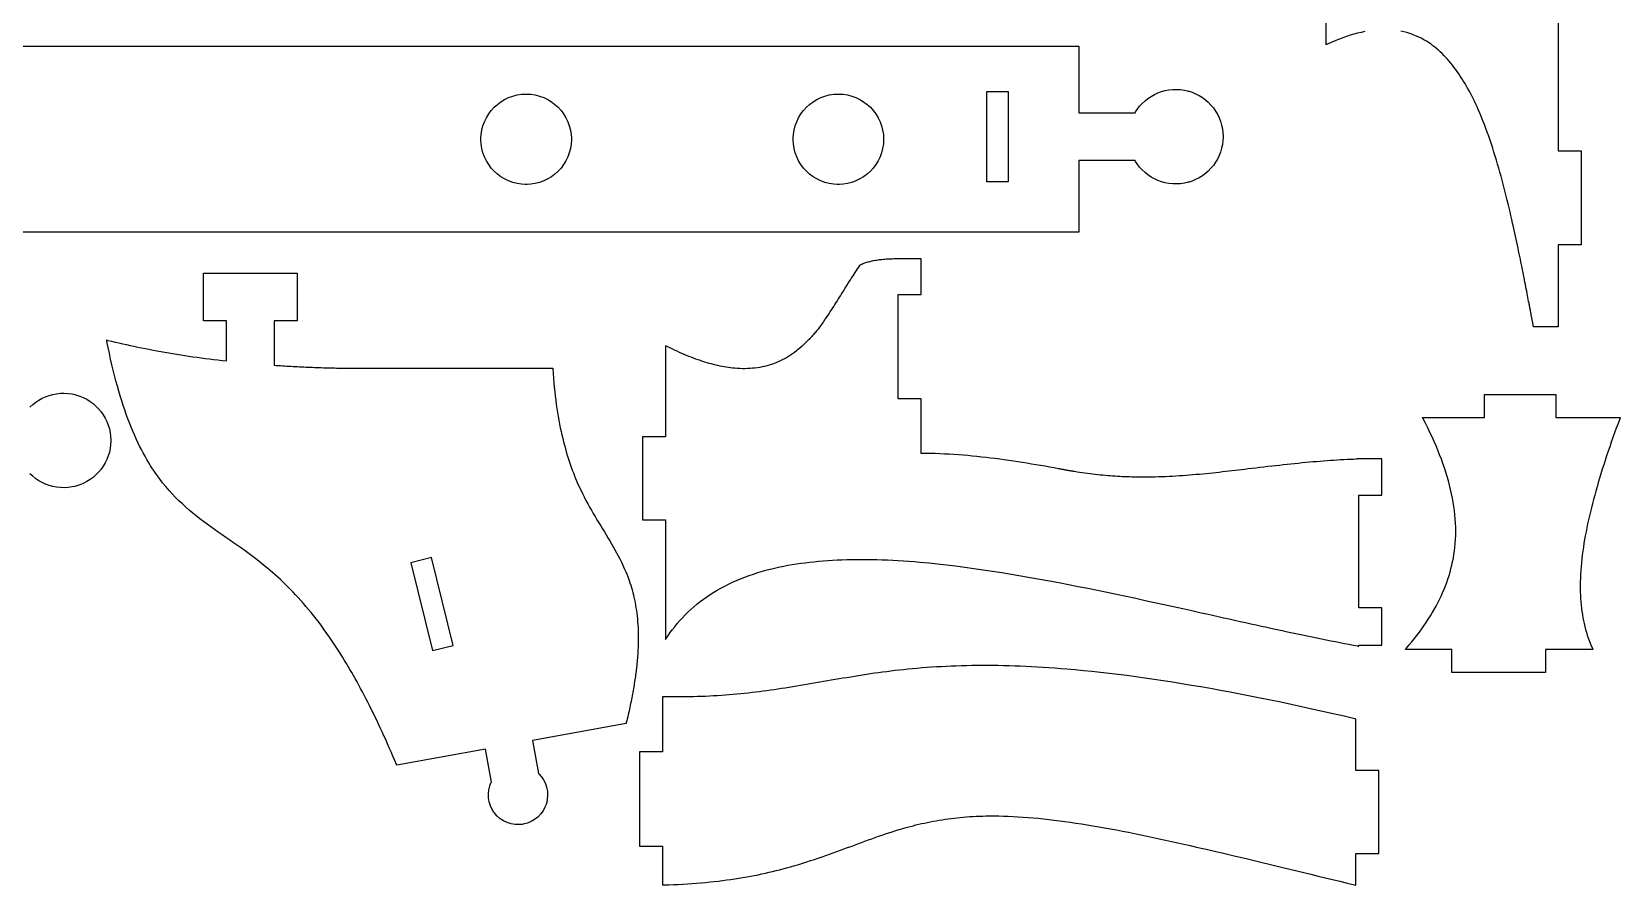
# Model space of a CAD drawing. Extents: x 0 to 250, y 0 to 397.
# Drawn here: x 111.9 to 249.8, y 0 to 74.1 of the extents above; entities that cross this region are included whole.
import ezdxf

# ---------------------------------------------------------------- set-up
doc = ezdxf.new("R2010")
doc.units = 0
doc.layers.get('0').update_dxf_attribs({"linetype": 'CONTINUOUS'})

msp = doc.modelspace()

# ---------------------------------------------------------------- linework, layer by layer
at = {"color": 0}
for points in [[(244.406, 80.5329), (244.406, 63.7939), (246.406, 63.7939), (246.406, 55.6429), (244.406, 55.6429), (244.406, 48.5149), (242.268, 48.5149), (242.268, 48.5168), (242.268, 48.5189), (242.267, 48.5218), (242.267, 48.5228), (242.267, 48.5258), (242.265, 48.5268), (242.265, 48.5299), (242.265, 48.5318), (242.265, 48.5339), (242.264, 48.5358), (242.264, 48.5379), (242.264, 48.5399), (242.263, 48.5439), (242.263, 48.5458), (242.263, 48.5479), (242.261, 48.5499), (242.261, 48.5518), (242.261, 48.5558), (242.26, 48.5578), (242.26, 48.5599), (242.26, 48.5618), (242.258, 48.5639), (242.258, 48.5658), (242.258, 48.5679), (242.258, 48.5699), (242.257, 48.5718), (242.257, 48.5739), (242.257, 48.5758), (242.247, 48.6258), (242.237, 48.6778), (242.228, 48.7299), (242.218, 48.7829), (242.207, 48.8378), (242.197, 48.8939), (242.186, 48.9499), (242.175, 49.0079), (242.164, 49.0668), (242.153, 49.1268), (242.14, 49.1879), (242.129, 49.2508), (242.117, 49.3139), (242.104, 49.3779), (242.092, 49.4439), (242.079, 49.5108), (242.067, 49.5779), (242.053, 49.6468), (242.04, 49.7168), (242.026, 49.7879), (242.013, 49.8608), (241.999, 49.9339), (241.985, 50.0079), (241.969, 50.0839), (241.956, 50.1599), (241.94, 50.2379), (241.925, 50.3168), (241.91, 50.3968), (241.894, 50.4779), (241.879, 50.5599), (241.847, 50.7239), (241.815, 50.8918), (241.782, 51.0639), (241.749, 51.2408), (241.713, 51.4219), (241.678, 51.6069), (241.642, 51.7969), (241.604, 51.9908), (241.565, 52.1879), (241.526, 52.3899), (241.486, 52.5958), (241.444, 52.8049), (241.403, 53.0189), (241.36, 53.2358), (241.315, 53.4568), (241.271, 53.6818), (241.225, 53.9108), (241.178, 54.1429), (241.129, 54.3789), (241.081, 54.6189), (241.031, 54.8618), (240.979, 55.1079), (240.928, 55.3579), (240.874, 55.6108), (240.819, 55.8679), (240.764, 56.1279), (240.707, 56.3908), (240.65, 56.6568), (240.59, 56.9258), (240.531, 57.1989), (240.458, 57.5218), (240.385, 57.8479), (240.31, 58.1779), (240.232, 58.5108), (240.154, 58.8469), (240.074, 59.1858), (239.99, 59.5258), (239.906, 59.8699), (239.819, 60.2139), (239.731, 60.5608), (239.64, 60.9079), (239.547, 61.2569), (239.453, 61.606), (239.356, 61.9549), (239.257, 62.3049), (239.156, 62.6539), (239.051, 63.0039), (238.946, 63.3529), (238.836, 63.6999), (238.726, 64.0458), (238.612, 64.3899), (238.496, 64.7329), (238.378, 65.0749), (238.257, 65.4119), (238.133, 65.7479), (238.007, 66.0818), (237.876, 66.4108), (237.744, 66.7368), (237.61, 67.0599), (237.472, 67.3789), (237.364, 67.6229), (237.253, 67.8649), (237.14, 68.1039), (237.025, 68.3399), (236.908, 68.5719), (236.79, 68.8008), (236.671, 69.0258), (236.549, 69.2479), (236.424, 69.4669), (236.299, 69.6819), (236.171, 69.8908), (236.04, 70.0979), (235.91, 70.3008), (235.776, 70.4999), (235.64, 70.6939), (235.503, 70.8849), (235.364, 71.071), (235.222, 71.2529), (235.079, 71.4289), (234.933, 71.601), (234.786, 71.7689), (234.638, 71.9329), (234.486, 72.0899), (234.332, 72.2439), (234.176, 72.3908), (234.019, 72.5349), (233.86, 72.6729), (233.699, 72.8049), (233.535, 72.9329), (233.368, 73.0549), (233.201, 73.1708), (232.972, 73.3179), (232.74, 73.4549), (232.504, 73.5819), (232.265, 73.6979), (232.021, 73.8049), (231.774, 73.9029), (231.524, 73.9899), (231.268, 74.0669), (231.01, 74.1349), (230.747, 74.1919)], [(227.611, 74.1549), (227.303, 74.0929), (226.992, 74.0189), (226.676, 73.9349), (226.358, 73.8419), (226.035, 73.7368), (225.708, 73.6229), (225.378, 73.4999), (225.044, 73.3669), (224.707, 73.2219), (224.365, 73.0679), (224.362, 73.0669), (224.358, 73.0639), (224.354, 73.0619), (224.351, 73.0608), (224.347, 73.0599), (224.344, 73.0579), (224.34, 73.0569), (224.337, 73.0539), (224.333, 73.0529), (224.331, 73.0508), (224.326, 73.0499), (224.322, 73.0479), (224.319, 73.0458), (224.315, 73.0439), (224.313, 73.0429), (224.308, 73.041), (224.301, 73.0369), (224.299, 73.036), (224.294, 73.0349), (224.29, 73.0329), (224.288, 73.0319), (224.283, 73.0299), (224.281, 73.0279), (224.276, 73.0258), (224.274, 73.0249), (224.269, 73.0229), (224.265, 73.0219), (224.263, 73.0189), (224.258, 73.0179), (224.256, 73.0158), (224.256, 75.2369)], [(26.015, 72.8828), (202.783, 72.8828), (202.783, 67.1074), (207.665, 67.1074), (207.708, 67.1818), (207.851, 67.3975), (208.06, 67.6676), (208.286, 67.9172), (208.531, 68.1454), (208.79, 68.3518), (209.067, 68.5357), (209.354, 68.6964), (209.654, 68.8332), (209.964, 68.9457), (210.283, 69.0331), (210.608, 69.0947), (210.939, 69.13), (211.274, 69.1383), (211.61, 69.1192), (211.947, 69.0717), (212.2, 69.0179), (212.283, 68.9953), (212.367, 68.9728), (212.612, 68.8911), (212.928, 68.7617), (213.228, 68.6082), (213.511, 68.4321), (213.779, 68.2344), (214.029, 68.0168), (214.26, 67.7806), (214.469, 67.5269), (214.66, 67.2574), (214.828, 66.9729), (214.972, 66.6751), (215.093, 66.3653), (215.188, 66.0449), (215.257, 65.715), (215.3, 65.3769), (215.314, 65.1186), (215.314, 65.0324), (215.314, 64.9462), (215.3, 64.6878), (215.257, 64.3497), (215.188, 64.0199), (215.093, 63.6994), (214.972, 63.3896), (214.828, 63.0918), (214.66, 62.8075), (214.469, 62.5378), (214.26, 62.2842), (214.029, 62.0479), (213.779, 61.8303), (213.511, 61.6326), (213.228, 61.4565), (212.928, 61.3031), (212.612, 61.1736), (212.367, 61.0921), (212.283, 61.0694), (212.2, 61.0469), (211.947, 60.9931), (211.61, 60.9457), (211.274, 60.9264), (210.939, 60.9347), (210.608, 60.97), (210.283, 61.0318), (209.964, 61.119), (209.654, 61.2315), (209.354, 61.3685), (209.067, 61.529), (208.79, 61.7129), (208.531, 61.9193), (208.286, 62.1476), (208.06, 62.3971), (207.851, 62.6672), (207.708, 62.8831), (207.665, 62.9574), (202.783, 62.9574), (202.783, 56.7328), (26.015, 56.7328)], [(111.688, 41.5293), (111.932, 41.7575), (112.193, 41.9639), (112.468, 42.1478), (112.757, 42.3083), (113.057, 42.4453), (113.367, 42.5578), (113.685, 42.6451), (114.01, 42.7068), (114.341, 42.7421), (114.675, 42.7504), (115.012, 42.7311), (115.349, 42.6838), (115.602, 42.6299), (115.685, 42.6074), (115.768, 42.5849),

• [Task goal] Print exactly the lines from the first line of the records above through the line containing "doc.units = 0", both included, and leave the pictures out.

• [Task solution]
# Model space of a CAD drawing. Extents: x 0 to 250, y 0 to 397.
# Drawn here: x 111.9 to 249.8, y 0 to 74.1 of the extents above; entities that cross this region are included whole.
import ezdxf

# ---------------------------------------------------------------- set-up
doc = ezdxf.new("R2010")
doc.units = 0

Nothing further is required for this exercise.